— What you are asked to do —
Wherever "side" turns up in a line of the entries below, that line counts. Say how many such lines there are, with no other words.

+ + +

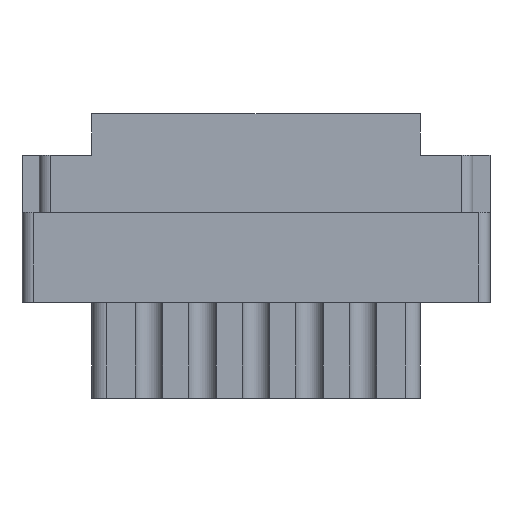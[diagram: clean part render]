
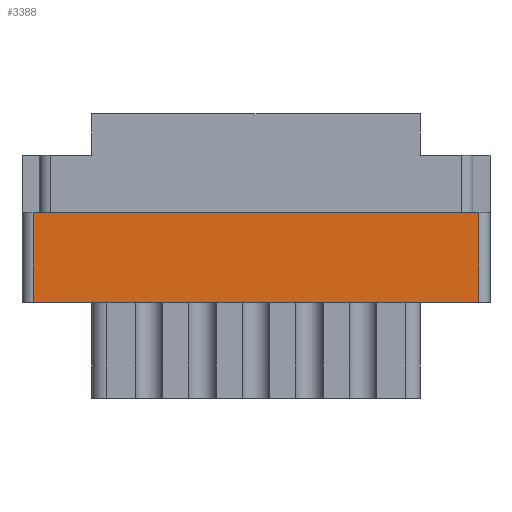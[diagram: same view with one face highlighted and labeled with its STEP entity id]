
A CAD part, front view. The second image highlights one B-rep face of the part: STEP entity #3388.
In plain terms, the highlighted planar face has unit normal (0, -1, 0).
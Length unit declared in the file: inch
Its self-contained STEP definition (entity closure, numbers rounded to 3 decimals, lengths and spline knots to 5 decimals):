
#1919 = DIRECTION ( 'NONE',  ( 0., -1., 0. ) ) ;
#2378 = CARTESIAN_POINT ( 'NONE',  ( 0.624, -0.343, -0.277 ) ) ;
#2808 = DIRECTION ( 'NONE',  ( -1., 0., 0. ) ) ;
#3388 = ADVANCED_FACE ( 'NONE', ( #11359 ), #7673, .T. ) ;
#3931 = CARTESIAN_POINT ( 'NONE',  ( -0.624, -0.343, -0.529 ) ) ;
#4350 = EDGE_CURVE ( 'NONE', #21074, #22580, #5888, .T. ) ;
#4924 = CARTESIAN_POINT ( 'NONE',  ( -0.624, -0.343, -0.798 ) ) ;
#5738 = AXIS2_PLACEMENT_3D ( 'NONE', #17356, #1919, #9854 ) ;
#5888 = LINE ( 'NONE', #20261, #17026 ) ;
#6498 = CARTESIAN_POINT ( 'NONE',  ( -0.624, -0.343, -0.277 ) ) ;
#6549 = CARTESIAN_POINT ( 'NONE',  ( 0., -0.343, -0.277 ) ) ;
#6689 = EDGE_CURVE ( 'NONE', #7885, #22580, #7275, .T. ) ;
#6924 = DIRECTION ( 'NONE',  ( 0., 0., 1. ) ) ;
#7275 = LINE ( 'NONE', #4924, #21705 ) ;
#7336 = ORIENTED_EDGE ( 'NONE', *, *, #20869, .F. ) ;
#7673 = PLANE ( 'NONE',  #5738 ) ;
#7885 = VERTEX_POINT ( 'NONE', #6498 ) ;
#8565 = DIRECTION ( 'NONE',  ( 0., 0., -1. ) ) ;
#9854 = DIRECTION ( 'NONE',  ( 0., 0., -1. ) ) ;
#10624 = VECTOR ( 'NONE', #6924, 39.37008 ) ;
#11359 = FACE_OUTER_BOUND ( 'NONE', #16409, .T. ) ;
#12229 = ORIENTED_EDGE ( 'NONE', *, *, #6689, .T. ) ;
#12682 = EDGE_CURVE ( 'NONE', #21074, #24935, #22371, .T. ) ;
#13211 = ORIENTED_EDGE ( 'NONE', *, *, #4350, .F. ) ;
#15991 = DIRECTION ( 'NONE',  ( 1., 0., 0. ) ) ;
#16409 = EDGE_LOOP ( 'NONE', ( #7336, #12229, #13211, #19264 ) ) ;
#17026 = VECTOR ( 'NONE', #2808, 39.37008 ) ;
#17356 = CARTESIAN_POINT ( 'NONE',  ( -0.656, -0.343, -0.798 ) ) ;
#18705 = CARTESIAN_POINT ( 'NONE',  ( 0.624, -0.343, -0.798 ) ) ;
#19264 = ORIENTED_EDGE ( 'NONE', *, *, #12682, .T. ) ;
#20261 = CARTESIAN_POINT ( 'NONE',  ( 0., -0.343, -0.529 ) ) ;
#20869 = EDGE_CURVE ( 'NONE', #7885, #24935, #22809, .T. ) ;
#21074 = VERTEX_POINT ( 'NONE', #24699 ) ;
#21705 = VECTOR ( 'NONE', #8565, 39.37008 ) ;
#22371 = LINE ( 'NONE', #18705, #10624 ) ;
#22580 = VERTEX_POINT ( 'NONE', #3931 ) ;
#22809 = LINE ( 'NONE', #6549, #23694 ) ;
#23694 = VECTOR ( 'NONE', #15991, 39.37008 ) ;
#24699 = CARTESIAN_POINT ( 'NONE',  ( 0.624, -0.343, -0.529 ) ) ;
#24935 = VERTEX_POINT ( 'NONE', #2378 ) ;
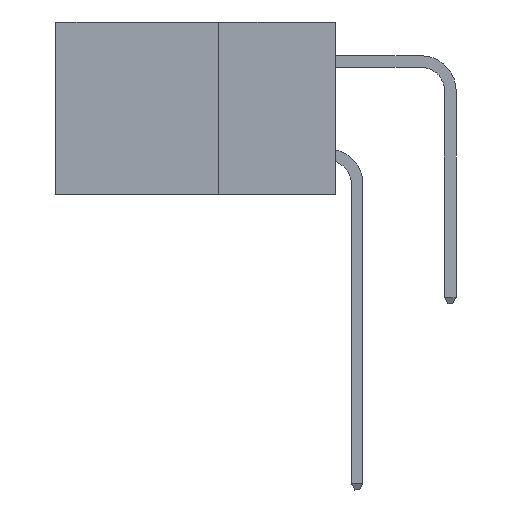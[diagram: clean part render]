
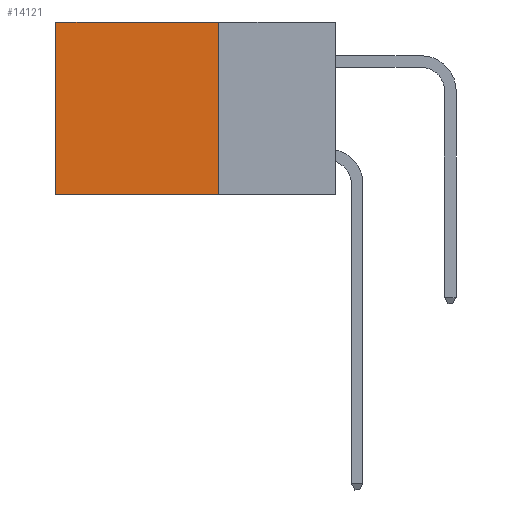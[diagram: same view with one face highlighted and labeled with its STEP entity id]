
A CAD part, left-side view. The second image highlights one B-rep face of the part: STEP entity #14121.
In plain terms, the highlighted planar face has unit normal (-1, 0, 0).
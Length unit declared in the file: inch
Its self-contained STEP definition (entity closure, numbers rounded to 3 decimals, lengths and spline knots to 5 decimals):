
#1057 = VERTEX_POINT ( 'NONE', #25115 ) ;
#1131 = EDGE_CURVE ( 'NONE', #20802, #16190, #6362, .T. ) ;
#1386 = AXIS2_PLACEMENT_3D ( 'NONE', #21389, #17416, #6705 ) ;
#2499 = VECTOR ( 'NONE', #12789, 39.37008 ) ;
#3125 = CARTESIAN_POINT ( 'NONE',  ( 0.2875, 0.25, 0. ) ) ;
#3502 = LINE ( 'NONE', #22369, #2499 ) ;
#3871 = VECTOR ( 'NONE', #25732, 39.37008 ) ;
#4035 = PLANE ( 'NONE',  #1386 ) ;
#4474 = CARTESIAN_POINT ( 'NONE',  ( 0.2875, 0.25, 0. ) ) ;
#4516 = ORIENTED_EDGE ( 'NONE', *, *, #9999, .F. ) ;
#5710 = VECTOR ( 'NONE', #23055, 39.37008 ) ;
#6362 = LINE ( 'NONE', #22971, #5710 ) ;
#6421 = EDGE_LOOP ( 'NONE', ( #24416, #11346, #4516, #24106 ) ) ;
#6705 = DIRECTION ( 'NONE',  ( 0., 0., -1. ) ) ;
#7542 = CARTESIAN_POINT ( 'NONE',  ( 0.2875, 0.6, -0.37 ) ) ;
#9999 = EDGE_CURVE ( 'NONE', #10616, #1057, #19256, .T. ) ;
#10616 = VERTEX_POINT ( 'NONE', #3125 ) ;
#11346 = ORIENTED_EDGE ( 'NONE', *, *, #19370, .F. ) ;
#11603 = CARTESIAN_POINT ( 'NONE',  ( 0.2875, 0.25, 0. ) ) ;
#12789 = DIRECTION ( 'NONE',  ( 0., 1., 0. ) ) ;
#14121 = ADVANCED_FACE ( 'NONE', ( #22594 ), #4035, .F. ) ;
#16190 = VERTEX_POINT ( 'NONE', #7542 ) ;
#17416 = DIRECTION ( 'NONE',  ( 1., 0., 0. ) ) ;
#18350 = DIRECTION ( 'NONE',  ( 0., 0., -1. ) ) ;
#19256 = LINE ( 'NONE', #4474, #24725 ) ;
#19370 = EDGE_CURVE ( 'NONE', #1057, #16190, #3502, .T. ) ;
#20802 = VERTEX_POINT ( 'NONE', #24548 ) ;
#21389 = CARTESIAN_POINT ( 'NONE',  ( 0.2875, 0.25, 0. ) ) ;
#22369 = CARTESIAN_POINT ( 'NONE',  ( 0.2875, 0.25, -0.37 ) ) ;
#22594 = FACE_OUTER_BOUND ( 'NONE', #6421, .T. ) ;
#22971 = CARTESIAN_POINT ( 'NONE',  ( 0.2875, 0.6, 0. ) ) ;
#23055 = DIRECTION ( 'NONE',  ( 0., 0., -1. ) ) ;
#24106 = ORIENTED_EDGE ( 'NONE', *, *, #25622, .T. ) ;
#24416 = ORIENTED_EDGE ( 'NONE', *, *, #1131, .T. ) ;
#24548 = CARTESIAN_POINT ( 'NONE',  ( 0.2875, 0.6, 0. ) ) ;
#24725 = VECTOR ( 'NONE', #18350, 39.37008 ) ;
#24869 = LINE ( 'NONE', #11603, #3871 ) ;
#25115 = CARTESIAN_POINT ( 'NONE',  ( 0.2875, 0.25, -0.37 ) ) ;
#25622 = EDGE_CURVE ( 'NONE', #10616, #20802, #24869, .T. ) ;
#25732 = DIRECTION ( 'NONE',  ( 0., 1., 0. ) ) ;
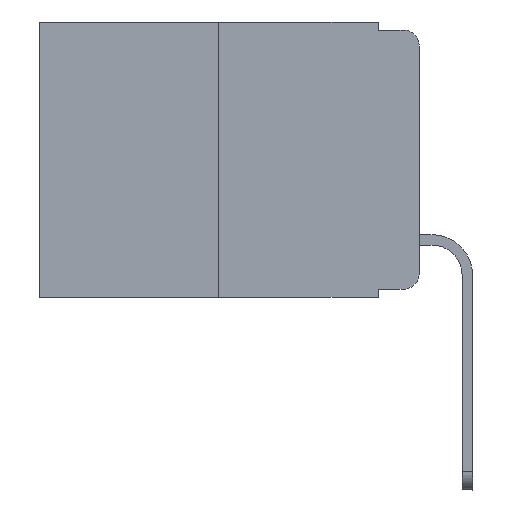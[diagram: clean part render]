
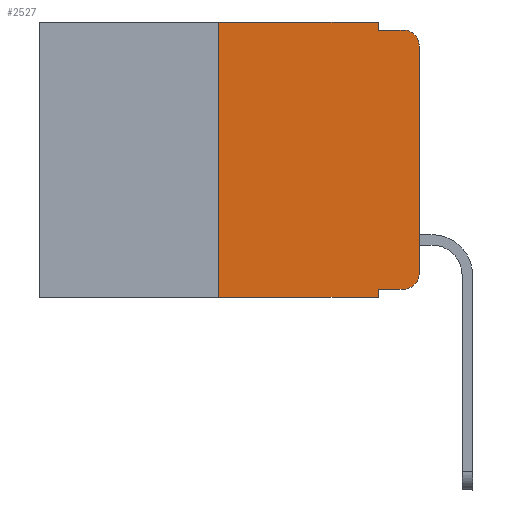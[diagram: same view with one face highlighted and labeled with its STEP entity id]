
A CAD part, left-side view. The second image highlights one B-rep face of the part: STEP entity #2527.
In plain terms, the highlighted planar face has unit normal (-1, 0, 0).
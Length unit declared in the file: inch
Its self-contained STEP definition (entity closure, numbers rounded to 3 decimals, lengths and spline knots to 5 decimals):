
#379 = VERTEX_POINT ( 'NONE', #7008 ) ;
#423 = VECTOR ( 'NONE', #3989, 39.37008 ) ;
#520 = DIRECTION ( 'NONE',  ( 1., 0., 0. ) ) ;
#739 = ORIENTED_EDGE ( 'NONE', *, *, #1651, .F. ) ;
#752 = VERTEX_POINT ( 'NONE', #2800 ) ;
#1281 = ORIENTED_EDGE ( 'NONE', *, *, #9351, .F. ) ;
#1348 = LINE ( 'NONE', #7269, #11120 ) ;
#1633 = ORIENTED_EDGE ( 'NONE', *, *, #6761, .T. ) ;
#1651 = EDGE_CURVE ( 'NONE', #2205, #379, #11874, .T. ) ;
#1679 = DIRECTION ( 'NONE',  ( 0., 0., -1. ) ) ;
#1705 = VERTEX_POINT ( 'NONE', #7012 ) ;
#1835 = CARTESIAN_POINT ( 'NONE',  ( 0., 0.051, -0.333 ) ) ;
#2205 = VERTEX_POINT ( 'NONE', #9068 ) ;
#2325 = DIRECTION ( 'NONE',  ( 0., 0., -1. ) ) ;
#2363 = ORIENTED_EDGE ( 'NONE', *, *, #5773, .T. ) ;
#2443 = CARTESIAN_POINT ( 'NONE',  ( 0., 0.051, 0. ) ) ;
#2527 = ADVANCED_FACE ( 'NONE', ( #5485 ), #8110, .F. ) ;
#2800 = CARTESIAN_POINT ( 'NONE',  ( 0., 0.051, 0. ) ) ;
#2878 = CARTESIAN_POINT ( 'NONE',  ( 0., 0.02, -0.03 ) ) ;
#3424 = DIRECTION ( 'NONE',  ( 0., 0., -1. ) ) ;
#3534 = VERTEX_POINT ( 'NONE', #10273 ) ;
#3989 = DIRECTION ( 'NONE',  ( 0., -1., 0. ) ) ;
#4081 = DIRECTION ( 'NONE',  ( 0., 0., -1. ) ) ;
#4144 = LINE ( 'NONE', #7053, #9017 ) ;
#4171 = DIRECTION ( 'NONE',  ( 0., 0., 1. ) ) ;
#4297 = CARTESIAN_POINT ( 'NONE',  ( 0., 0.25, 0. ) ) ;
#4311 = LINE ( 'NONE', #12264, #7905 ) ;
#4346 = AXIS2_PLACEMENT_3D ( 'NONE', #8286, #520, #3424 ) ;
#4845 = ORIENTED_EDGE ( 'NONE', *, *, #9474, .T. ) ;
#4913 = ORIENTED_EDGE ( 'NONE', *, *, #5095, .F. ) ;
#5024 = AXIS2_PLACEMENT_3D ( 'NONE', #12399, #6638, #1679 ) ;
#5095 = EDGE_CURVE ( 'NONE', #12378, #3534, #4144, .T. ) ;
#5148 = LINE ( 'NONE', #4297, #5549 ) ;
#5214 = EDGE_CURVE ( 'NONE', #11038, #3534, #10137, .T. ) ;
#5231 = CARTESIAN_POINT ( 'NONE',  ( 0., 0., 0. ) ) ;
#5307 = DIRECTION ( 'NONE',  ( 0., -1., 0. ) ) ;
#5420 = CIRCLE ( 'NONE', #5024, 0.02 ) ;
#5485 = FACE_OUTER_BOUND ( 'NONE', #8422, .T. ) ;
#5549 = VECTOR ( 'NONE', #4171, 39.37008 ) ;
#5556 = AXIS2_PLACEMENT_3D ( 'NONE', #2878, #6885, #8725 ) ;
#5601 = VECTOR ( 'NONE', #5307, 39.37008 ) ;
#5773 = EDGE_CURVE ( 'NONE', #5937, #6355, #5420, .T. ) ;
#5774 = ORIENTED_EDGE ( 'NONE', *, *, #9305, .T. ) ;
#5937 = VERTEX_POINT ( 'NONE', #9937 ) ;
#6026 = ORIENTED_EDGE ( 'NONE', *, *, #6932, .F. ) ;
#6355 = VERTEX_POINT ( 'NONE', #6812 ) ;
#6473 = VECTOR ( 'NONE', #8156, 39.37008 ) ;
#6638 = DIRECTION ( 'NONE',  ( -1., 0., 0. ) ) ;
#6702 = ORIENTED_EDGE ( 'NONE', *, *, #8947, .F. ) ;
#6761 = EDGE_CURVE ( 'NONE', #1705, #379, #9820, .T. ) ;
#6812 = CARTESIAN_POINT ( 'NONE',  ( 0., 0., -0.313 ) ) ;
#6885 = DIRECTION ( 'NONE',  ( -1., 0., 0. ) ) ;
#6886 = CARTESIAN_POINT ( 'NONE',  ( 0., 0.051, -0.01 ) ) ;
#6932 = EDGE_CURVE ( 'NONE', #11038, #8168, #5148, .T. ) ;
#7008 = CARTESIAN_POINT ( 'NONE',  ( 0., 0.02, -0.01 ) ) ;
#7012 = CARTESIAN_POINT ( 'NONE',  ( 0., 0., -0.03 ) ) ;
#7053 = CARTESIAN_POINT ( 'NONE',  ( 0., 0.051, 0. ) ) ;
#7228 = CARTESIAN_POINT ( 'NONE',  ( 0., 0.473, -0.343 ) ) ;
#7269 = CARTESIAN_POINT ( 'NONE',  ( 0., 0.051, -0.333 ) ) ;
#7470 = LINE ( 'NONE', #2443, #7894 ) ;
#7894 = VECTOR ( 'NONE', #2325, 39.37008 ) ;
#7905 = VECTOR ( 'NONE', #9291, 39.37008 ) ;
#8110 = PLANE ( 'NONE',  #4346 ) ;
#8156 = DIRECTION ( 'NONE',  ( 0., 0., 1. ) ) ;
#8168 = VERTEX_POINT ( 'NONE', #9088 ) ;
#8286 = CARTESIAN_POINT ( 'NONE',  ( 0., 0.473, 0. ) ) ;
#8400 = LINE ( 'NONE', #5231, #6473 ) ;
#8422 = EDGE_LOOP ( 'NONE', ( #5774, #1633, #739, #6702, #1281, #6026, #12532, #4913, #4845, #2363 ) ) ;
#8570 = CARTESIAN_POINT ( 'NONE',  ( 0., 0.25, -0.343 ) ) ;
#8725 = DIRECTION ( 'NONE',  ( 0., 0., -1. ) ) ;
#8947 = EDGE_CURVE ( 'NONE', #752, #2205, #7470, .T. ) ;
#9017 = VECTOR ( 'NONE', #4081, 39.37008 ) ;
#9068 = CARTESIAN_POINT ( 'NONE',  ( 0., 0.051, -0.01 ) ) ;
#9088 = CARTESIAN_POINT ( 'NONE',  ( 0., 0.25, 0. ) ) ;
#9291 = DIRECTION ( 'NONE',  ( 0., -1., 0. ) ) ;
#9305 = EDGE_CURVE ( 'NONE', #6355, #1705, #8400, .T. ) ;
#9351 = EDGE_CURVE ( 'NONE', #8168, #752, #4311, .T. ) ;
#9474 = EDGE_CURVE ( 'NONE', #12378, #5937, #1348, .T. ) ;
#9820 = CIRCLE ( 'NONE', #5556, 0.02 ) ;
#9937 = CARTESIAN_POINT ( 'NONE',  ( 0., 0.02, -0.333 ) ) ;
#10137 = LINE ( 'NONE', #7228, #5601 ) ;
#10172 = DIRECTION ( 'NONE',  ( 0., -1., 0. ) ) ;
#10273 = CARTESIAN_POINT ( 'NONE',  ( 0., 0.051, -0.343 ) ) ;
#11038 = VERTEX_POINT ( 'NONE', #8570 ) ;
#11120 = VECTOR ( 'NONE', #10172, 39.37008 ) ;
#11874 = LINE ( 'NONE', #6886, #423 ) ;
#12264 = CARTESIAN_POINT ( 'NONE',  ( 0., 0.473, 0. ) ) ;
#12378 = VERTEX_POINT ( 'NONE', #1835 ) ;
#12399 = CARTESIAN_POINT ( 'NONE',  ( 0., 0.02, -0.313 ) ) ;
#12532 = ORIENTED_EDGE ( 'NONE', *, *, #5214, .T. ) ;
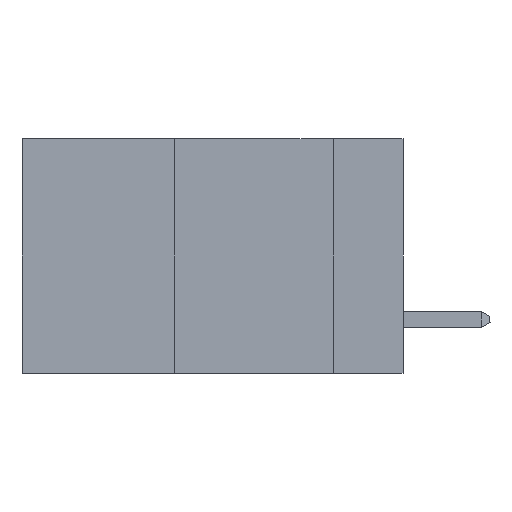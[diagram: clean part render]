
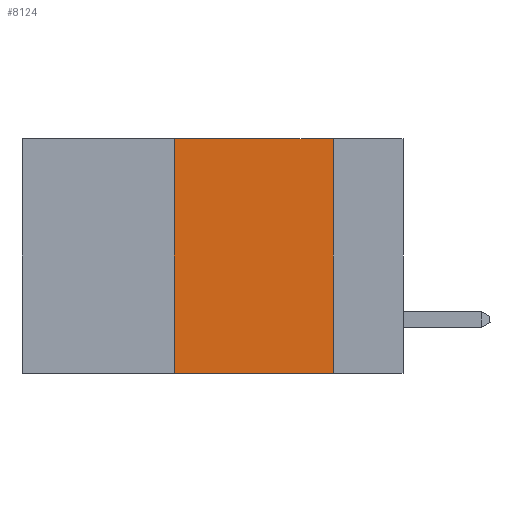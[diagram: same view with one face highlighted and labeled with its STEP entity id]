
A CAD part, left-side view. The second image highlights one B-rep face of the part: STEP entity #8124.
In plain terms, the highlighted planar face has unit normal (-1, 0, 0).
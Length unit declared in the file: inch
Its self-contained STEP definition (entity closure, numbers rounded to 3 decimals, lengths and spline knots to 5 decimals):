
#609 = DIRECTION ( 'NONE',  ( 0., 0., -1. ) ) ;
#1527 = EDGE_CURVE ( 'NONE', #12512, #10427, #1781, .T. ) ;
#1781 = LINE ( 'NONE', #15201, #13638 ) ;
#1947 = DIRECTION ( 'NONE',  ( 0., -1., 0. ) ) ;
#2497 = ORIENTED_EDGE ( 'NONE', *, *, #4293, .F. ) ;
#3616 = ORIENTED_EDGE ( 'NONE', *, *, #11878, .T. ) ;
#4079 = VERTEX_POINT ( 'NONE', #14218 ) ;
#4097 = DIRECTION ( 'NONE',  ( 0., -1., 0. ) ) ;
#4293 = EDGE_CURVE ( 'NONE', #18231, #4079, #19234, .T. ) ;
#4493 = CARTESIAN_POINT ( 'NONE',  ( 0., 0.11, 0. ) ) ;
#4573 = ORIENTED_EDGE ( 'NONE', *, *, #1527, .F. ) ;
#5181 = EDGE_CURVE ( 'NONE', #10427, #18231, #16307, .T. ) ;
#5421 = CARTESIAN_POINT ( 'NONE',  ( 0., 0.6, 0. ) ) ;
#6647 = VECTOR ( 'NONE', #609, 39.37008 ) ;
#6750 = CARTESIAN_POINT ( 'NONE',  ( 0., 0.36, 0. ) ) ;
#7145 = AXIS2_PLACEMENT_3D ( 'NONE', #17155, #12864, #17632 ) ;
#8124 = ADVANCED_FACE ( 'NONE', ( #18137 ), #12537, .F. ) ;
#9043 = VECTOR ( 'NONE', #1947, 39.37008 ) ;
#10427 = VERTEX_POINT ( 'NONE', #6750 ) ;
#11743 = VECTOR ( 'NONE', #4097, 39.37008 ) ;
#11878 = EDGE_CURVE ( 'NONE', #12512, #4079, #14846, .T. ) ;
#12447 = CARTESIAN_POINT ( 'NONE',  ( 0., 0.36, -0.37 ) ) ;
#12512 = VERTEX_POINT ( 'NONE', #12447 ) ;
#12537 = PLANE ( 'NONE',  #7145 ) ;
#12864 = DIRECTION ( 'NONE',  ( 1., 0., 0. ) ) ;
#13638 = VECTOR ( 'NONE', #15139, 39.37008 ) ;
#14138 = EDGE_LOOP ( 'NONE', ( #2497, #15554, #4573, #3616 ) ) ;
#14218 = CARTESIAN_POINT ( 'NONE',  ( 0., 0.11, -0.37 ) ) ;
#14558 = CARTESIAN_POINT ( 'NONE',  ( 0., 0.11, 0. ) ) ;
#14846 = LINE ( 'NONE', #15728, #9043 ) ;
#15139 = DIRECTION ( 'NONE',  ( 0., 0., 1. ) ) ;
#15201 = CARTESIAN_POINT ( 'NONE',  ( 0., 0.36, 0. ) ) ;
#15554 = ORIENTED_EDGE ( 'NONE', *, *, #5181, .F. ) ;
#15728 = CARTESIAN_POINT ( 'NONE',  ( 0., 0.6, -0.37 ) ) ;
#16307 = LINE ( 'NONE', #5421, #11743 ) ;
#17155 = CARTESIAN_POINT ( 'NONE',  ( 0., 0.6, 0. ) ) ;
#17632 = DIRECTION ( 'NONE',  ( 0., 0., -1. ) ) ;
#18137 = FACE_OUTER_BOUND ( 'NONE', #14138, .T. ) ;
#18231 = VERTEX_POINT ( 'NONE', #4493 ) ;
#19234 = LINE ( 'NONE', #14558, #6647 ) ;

+ + +

— Problem solution —
3